**Instructions for the task:**
Pick out each line of the records in which the word "inch" appears.

==== Data extracts

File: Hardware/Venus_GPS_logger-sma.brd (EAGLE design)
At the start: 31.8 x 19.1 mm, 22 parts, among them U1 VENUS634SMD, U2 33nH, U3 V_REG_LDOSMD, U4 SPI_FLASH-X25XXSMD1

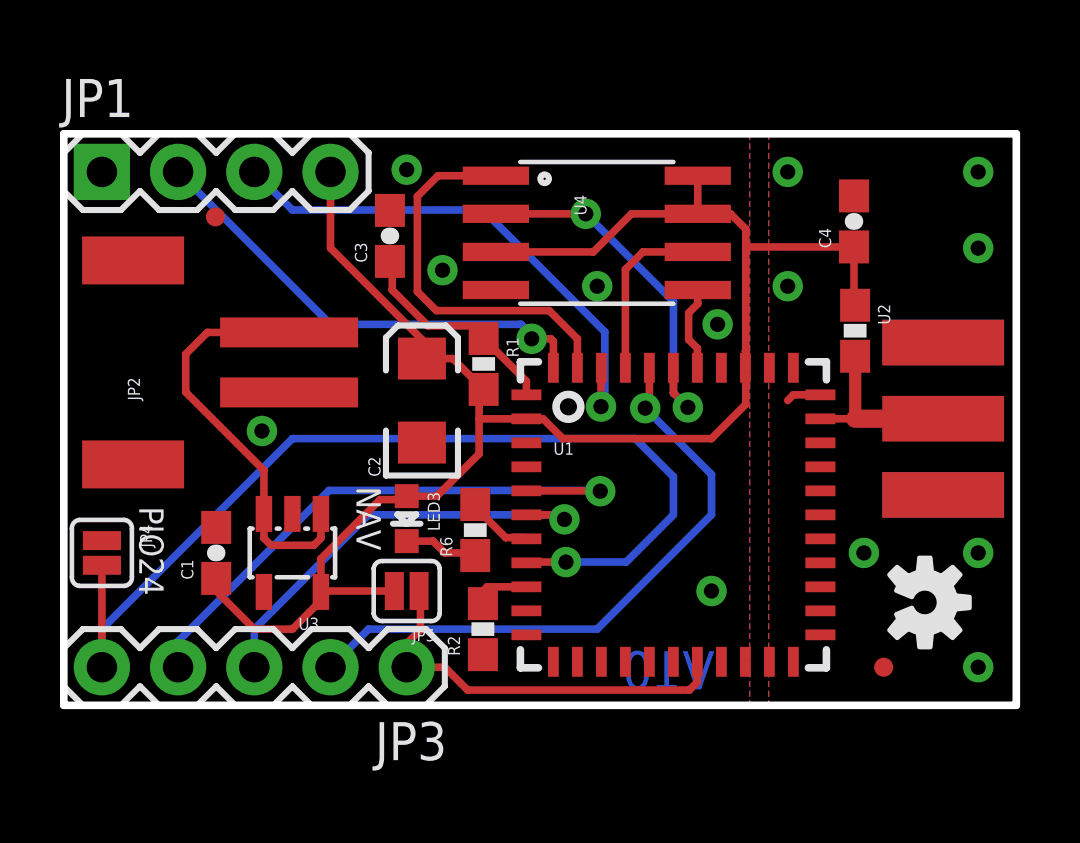
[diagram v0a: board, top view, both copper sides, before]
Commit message: Updated LED, fixed questionable trace routes
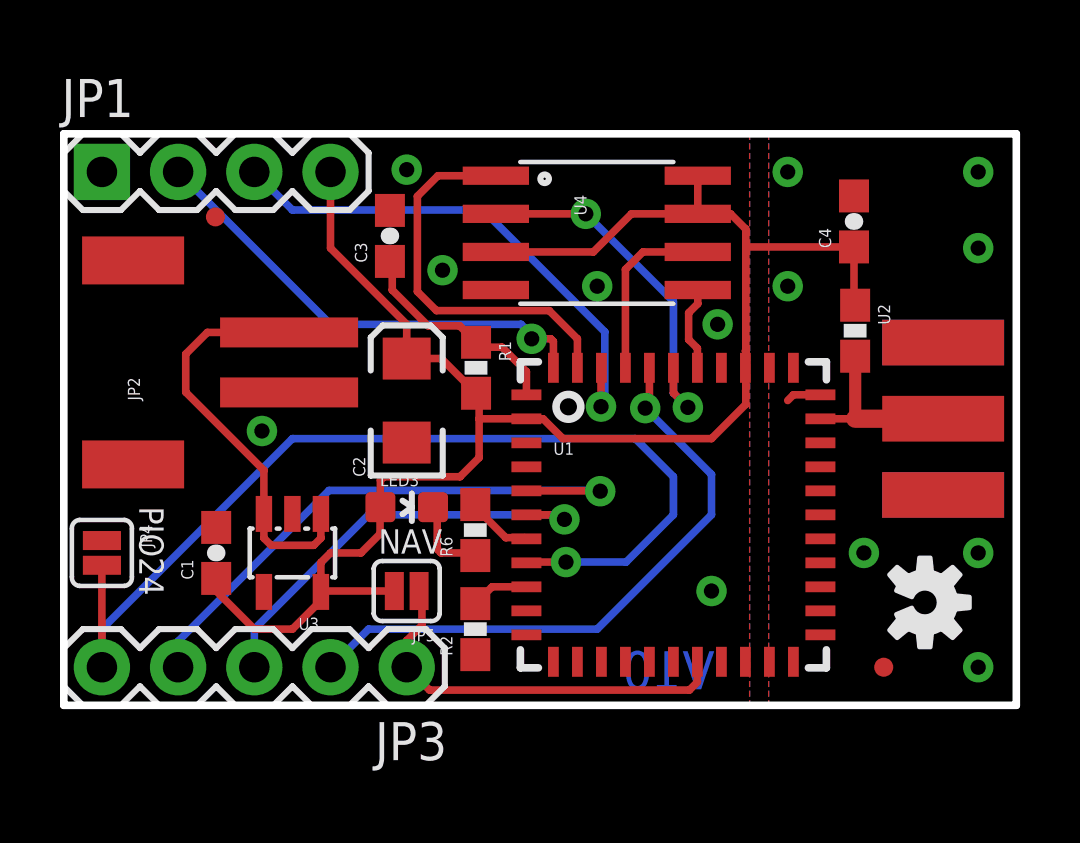
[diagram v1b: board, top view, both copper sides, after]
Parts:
- added FRAME1: FRAME-LETTER, SparkFun-Aesthetics:CREATIVE_COMMONS
- LED3: device SparkFun:LED-0603 -> SparkFun-LED:LED-0603
- moved C2 0.51 mm to (11.4, 10.2)
- moved LED3 0.38 mm to (11.4, 6.60), turned to 270 degrees
- moved R1 0.28 mm to (13.7, 11.3)
- moved R2 0.25 mm to (13.7, 2.54)
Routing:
- net 3.3V: track 59.3 -> 60.8 mm

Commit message: Moved Jumper
Moved jumper to the bttm copper, and changed silk on the jpm to "low
power".
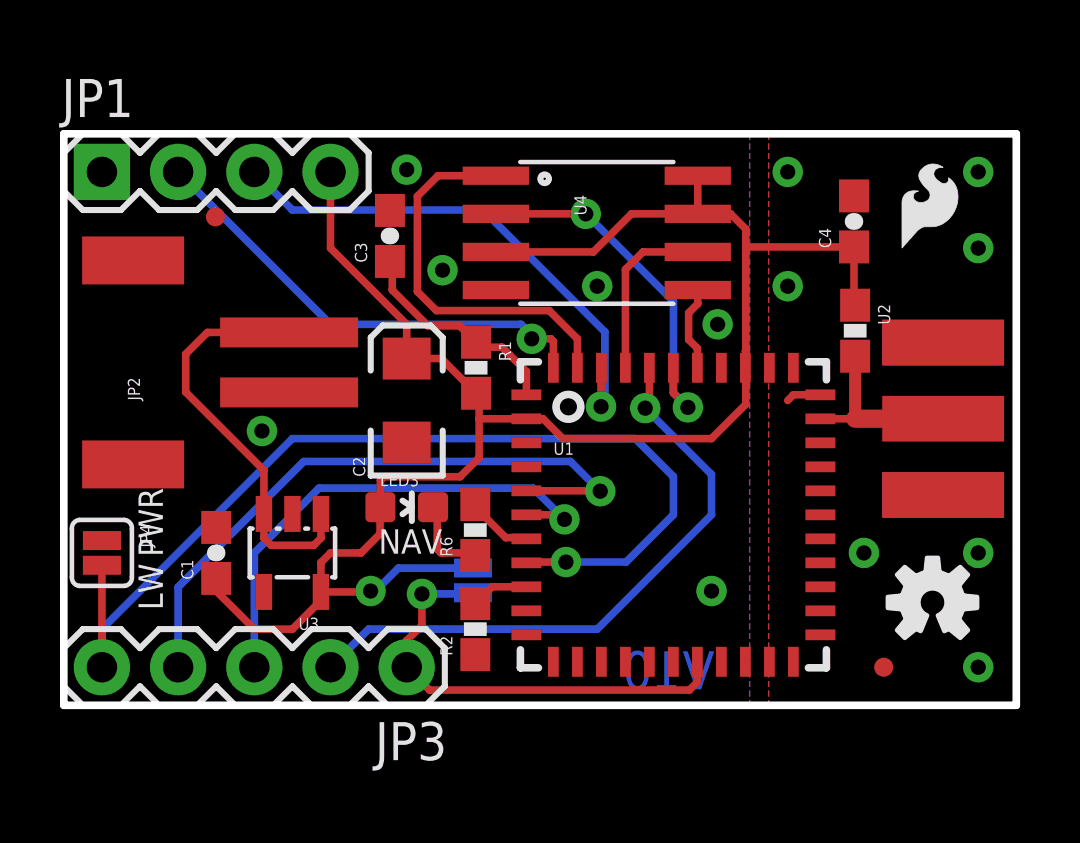
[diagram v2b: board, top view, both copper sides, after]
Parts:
- added U$3: (no value), SparkFun-Aesthetics:SFE-NEW-WEBLOGO
- moved U$1 24.7 mm to (27.9, 15.2), flipped to the top, turned to 0 degrees
- moved JP5 2.24 mm to (13.6, 4.17), flipped to the bottom, turned to 90 degrees
- moved U$2 0.25 mm to (29.0, 3.43), turned to 0 degrees
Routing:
- net 3.3V: track 60.8 -> 63.7 mm, vias 0 -> 1
- net GPIO1: track 14.6 -> 17.0 mm
- net GPIO2: track 19.5 -> 21.4 mm
- net VBAT: track 13.6 -> 15.2 mm, vias 0 -> 1
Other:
- board text added: "LW"
- board text added: "PWR"
- board text added: "Venus GPS Logger"
- board text removed: "PIO24"
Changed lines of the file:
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@@
 <?xml version="1.0" encoding="utf-8"?>
 <!DOCTYPE eagle SYSTEM "eagle.dtd">
-<eagle version="6.5.0">
+<eagle version="6.4">
 <drawing>
 <settings>
@@
 <layer number="27" name="tValues" color="7" fill="1" visible="no" active="yes"/>
 <layer number="28" name="bValues" color="7" fill="1" visible="no" active="yes"/>
-<layer number="29" name="tStop" color="7" fill="3" visible="yes" active="yes"/>
+<layer number="29" name="tStop" color="7" fill="3" visible="no" active="yes"/>
 <layer number="30" name="bStop" color="7" fill="6" visible="no" active="yes"/>
 <layer number="31" name="tCream" color="7" fill="4" visible="no" active="yes"/>
@@
 <wire x1="31.75" y1="19.05" x2="0" y2="19.05" width="0.254" layer="20"/>
 <wire x1="0" y1="19.05" x2="0" y2="0" width="0.254" layer="20"/>
-<text x="2.5146" y="6.6294" size="0.8128" layer="21" font="vector" ratio="15" rot="SR270">PIO24</text>
 <text x="10.4902" y="5.0546" size="0.8128" layer="21" font="vector" ratio="15" rot="SR0">NAV</text>
 <text x="9.271" y="16.129" size="0.8128" layer="22" font="vector" ratio="15" rot="SMR270">3.3V</text>
@@
 <text x="1.778" y="4.191" size="0.8128" layer="22" font="vector" ratio="15" rot="SMR270">24</text>
 <text x="21.6916" y="0.5334" size="1.27" layer="16" font="vector" ratio="18" rot="MR0">V10</text>
+<text x="27.94" y="6.35" size="1.778" layer="22" font="vector" ratio="15" rot="MR0">Venus GPS Logger</text>
+<text x="3.302" y="4.953" size="0.8128" layer="21" font="vector" ratio="15" rot="R90">PWR</text>
+<text x="3.302" y="3.175" size="0.8128" layer="21" font="vector" ratio="15" rot="R90">LW</text>
 </plain>
 <attributes>
@@
 <element name="JP1" library="SparkFun-Connectors" package="1X04" value="UART" x="1.27" y="17.78"/>
 <element name="JP3" library="SparkFun-Connectors" package="1X05" value="General" x="11.43" y="1.27" rot="R180"/>
-<element name="U$1" library="SparkFun" package="SFE-LOGO-FLAME" value="LOGO-SFESK" x="3.81" y="10.16" rot="MR270"/>
+<element name="U$1" library="SparkFun" package="SFE-LOGO-FLAME" value="LOGO-SFESK" x="27.94" y="15.24"/>
 <element name="U2" library="SparkFun-Resistors" package="0603-RES" value="33nH" x="26.3779" y="12.4867" rot="R270">
 <attribute name="PROD_ID" value="NDUC-07874" x="26.3779" y="12.4867" size="1.778" layer="27" rot="R270" display="off"/>
@@
 <element name="U3" library="SparkFun" package="SOT23-5" value="V_REG_LDOSMD" x="7.62" y="5.08" rot="R180"/>
 <element name="JP4" library="SparkFun-Passives" package="SJ_2S" value="Low Power Mode" x="1.27" y="5.08" rot="R270"/>
-<element name="JP5" library="SparkFun-Passives" package="SJ_2S" value="VBAT Select" x="11.43" y="3.81" rot="R180"/>
+<element name="JP5" library="SparkFun-Passives" package="SJ_2S" value="VBAT Select" x="13.6398" y="4.1656" rot="MR90"/>
 <element name="JP6" library="abes" package="FIDUCIAL-1X2.5" value="FIDUCIAL1X2.5" x="5.0546" y="16.2814"/>
 <element name="JP7" library="abes" package="FIDUCIAL-1X2.5" value="FIDUCIAL1X2.5" x="27.3304" y="1.27"/>
-<element name="U$2" library="SparkFun-Aesthetics" package="OSHW-LOGO-S" value="" x="28.702" y="3.429" rot="R270"/>
+<element name="U$2" library="SparkFun-Aesthetics" package="OSHW-LOGO-S" value="" x="28.956" y="3.429"/>
 <element name="FRAME1" library="SparkFun-Aesthetics" package="CREATIVE_COMMONS" value="FRAME-LETTER" x="-88.66845625" y="0"/>
+<element name="U$3" library="SparkFun-Aesthetics" package="SFE-NEW-WEBLOGO" value="" x="25.4" y="8.89" rot="MR0"/>
 </elements>
 <signals>
@@
 <wire x1="7.62" y1="2.54" x2="8.57" y2="3.49" width="0.254" layer="1"/>
 <wire x1="6.35" y1="2.54" x2="7.62" y2="2.54" width="0.254" layer="1"/>
-<wire x1="8.57" y1="3.7799" x2="8.6001" y2="3.81" width="0.254" layer="1"/>
-<wire x1="8.6001" y1="3.81" x2="11.0181" y2="3.81" width="0.254" layer="1"/>
 <wire x1="13.843" y1="10.16" x2="13.843" y2="10.453" width="0.254" layer="1"/>
 <wire x1="15.42" y1="9.55" x2="13.843" y2="9.55" width="0.254" layer="1"/>
@@
 <wire x1="13.7414" y1="10.4022" x2="13.7414" y2="10.3886" width="0.254" layer="1"/>
 <wire x1="13.7414" y1="10.3886" x2="13.9065" y2="10.2235" width="0.254" layer="1"/>
+<via x="10.2257" y="3.81" extent="1-16" drill="0.508"/>
+<wire x1="8.57" y1="3.7799" x2="10.1956" y2="3.7799" width="0.254" layer="1"/>
+<wire x1="10.1956" y1="3.7799" x2="10.2257" y2="3.81" width="0.254" layer="1"/>
+<wire x1="10.2257" y1="3.81" x2="10.3886" y2="3.81" width="0.254" layer="16"/>
+<wire x1="10.3886" y1="3.81" x2="11.1506" y2="4.572" width="0.254" layer="16"/>
+<wire x1="11.1506" y1="4.572" x2="13.6343" y2="4.572" width="0.254" layer="16"/>
+<wire x1="13.6343" y1="4.572" x2="13.6398" y2="4.5775" width="0.254" layer="16"/>
 </signal>
 <signal name="N$1">
@@
 <contactref element="U1" pad="6"/>
 <contactref element="JP3" pad="3"/>
-<wire x1="6.35" y1="1.27" x2="6.35" y2="2.54" width="0.254" layer="16"/>
-<wire x1="6.35" y1="2.54" x2="10.16" y2="6.35" width="0.254" layer="16"/>
 <via x="16.6878" y="6.1976" extent="1-16" drill="0.508"/>
 <wire x1="15.42" y1="6.35" x2="16.5354" y2="6.35" width="0.254" layer="1"/>
 <wire x1="16.5354" y1="6.35" x2="16.6878" y2="6.1976" width="0.254" layer="1"/>
-<wire x1="10.16" y1="6.35" x2="16.5354" y2="6.35" width="0.254" layer="16"/>
 <wire x1="16.5354" y1="6.35" x2="16.6878" y2="6.1976" width="0.254" layer="16"/>
+<wire x1="6.35" y1="1.27" x2="6.35" y2="5.08" width="0.254" layer="16"/>
+<wire x1="6.35" y1="5.08" x2="8.509" y2="7.239" width="0.254" layer="16"/>
+<wire x1="8.509" y1="7.239" x2="15.6464" y2="7.239" width="0.254" layer="16"/>
+<wire x1="15.6464" y1="7.239" x2="16.6878" y2="6.1976" width="0.254" layer="16"/>
 </signal>
 <signal name="GPIO2">
@@
 <wire x1="17.869" y1="7.15" x2="15.42" y2="7.15" width="0.254" layer="1"/>
 <wire x1="17.8816" y1="7.1374" x2="17.869" y2="7.15" width="0.254" layer="1"/>
-<wire x1="3.81" y1="1.27" x2="3.81" y2="2.1336" width="0.254" layer="16"/>
 <wire x1="17.8816" y1="7.1374" x2="17.8562" y2="7.112" width="0.254" layer="16"/>
-<wire x1="3.81" y1="2.1336" x2="8.8392" y2="7.1628" width="0.254" layer="16"/>
-<wire x1="8.8392" y1="7.1628" x2="17.8562" y2="7.1628" width="0.254" layer="16"/>
 <wire x1="17.8562" y1="7.1628" x2="17.8816" y2="7.1374" width="0.254" layer="16"/>
 <via x="17.8816" y="7.1374" extent="1-16" drill="0.508"/>
+<wire x1="3.81" y1="1.27" x2="3.81" y2="3.937" width="0.254" layer="16"/>
+<wire x1="3.81" y1="3.937" x2="8.001" y2="8.128" width="0.254" layer="16"/>
+<wire x1="8.001" y1="8.128" x2="16.891" y2="8.128" width="0.254" layer="16"/>
+<wire x1="16.891" y1="8.128" x2="17.8816" y2="7.1374" width="0.254" layer="16"/>
 </signal>
 <signal name="GPIO24">
@@
 <wire x1="21.12" y1="0.7746" x2="21.12" y2="1.45" width="0.254" layer="1"/>
 <wire x1="20.8534" y1="0.508" x2="21.12" y2="0.7746" width="0.254" layer="1"/>
-<wire x1="11.8872" y1="3.7647" x2="11.8419" y2="3.81" width="0.254" layer="1"/>
 <wire x1="12.192" y1="0.508" x2="11.43" y2="1.27" width="0.254" layer="1"/>
 <wire x1="11.43" y1="1.27" x2="11.43" y2="2.159" width="0.254" layer="1"/>
 <wire x1="11.43" y1="2.159" x2="11.938" y2="2.667" width="0.254" layer="1"/>
 <wire x1="11.938" y1="2.667" x2="11.938" y2="3.7139" width="0.254" layer="1"/>
-<wire x1="11.938" y1="3.7139" x2="11.8419" y2="3.81" width="0.254" layer="1"/>
+<via x="11.938" y="3.7139" extent="1-16" drill="0.508"/>
+<wire x1="11.938" y1="3.7139" x2="13.6" y2="3.7139" width="0.254" layer="16"/>
+<wire x1="13.6" y1="3.7139" x2="13.6398" y2="3.7537" width="0.254" layer="16"/>
 </signal>
 </signals>
-<errors>
-</errors>
 </board>
 </drawing>

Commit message: Closed jumper
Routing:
- net N$4: track 0.00 -> 0.69 mm
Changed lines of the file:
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@@
 <setting verticaltext="up"/>
 </settings>
-<grid distance="0.05" unitdist="inch" unit="inch" style="lines" multiple="1" display="yes" altdistance="0.005" altunitdist="inch" altunit="inch"/>
+<grid distance="0.05" unitdist="inch" unit="inch" style="lines" multiple="1" display="yes" altdistance="0.001" altunitdist="inch" altunit="inch"/>
 <layers>
 <layer number="1" name="Top" color="4" fill="1" visible="yes" active="yes"/>
@@
 <layer number="47" name="Measures" color="7" fill="1" visible="no" active="yes"/>
 <layer number="48" name="Document" color="7" fill="1" visible="no" active="yes"/>
-<layer number="49" name="Reference" color="7" fill="1" visible="no" active="yes"/>
+<layer number="49" name="Reference" color="7" fill="1" visible="yes" active="yes"/>
 <layer number="50" name="dxf" color="7" fill="1" visible="no" active="yes"/>
 <layer number="51" name="tDocu" color="6" fill="1" visible="yes" active="yes"/>
@@
 <wire x1="13.6" y1="3.7139" x2="13.6398" y2="3.7537" width="0.254" layer="16"/>
 </signal>
+<signal name="N$2">
+<wire x1="13.589" y1="4.318" x2="13.589" y2="3.937" width="0" layer="19" extent="1-16"/>
+</signal>
+<signal name="N$4">
+<wire x1="13.6398" y1="4.5466" x2="13.6398" y2="3.8608" width="0.2032" layer="16"/>
+</signal>
 </signals>

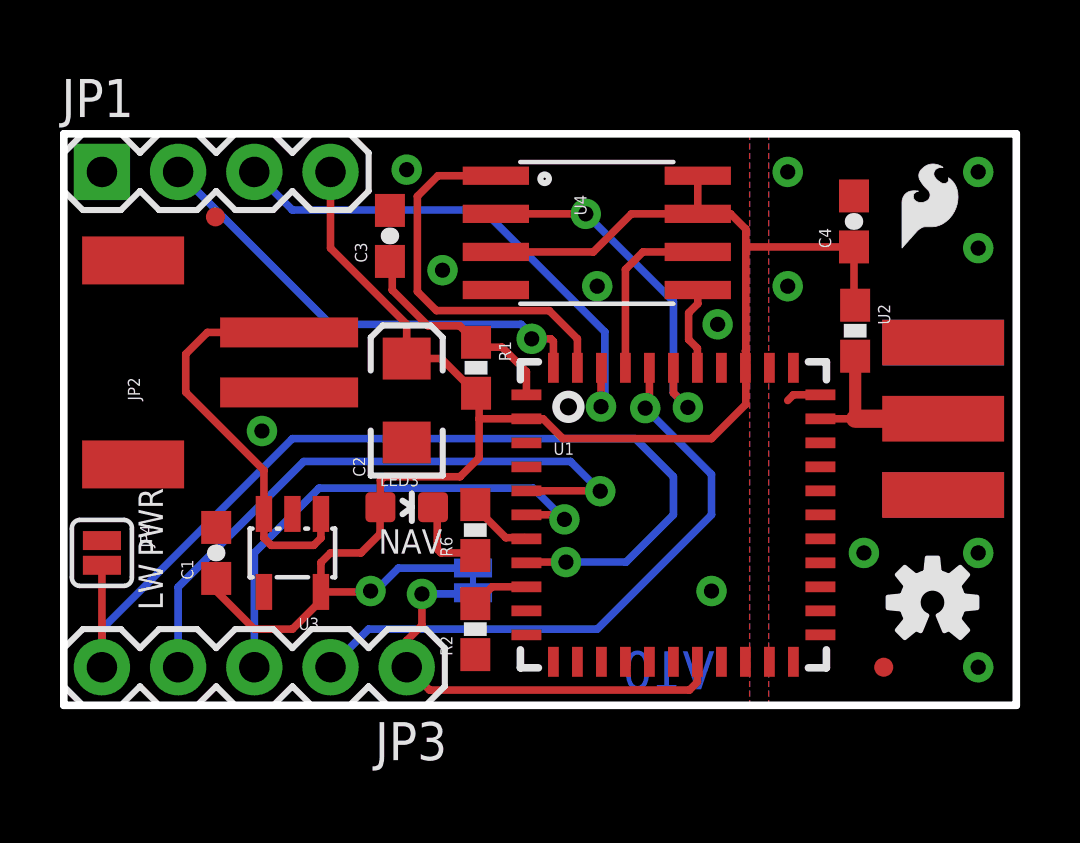
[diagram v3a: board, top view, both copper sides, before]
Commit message: changed fiducials to regular size and repositioned
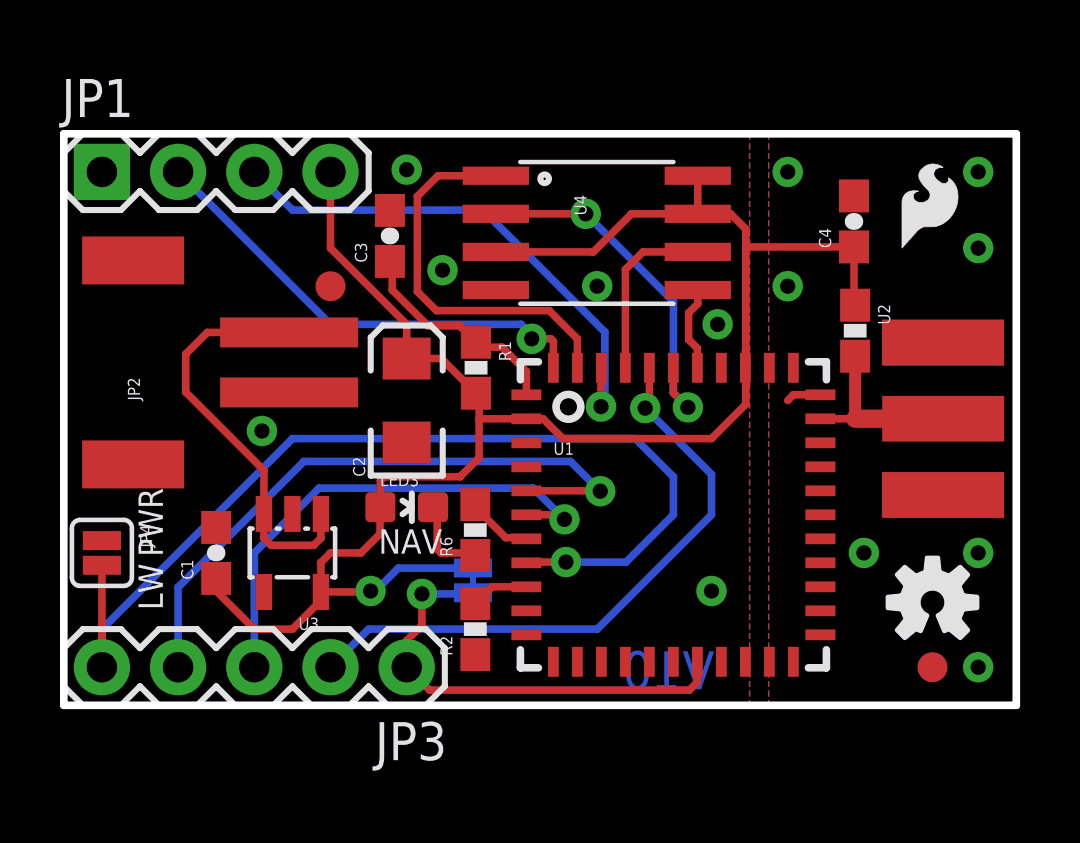
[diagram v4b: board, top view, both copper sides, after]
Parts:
- removed JP6, JP7: FIDUCIAL1X2.5, abes:FIDUCIAL-1X2.5
- added FID1, FID2: FIDUCIAL1X2, SparkFun-Aesthetics:FIDUCIAL-1X2
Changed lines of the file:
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@@
 <?xml version="1.0" encoding="utf-8"?>
 <!DOCTYPE eagle SYSTEM "eagle.dtd">
-<eagle version="6.4">
+<eagle version="6.5.0">
 <drawing>
 <settings>
@@
 <setting verticaltext="up"/>
 </settings>
-<grid distance="0.05" unitdist="inch" unit="inch" style="lines" multiple="1" display="yes" altdistance="0.001" altunitdist="inch" altunit="inch"/>
+<grid distance="0.05" unitdist="inch" unit="inch" style="lines" multiple="1" display="yes" altdistance="0.01" altunitdist="inch" altunit="inch"/>
 <layers>
 <layer number="1" name="Top" color="4" fill="1" visible="yes" active="yes"/>
@@
 <layer number="18" name="Vias" color="2" fill="1" visible="yes" active="yes"/>
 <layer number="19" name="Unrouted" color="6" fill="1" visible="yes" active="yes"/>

========

**Finished task:**
-<grid distance="0.05" unitdist="inch" unit="inch" style="lines" multiple="1" display="yes" altdistance="0.005" altunitdist="inch" altunit="inch"/>
+<grid distance="0.05" unitdist="inch" unit="inch" style="lines" multiple="1" display="yes" altdistance="0.001" altunitdist="inch" altunit="inch"/>
-<grid distance="0.05" unitdist="inch" unit="inch" style="lines" multiple="1" display="yes" altdistance="0.001" altunitdist="inch" altunit="inch"/>
+<grid distance="0.05" unitdist="inch" unit="inch" style="lines" multiple="1" display="yes" altdistance="0.01" altunitdist="inch" altunit="inch"/>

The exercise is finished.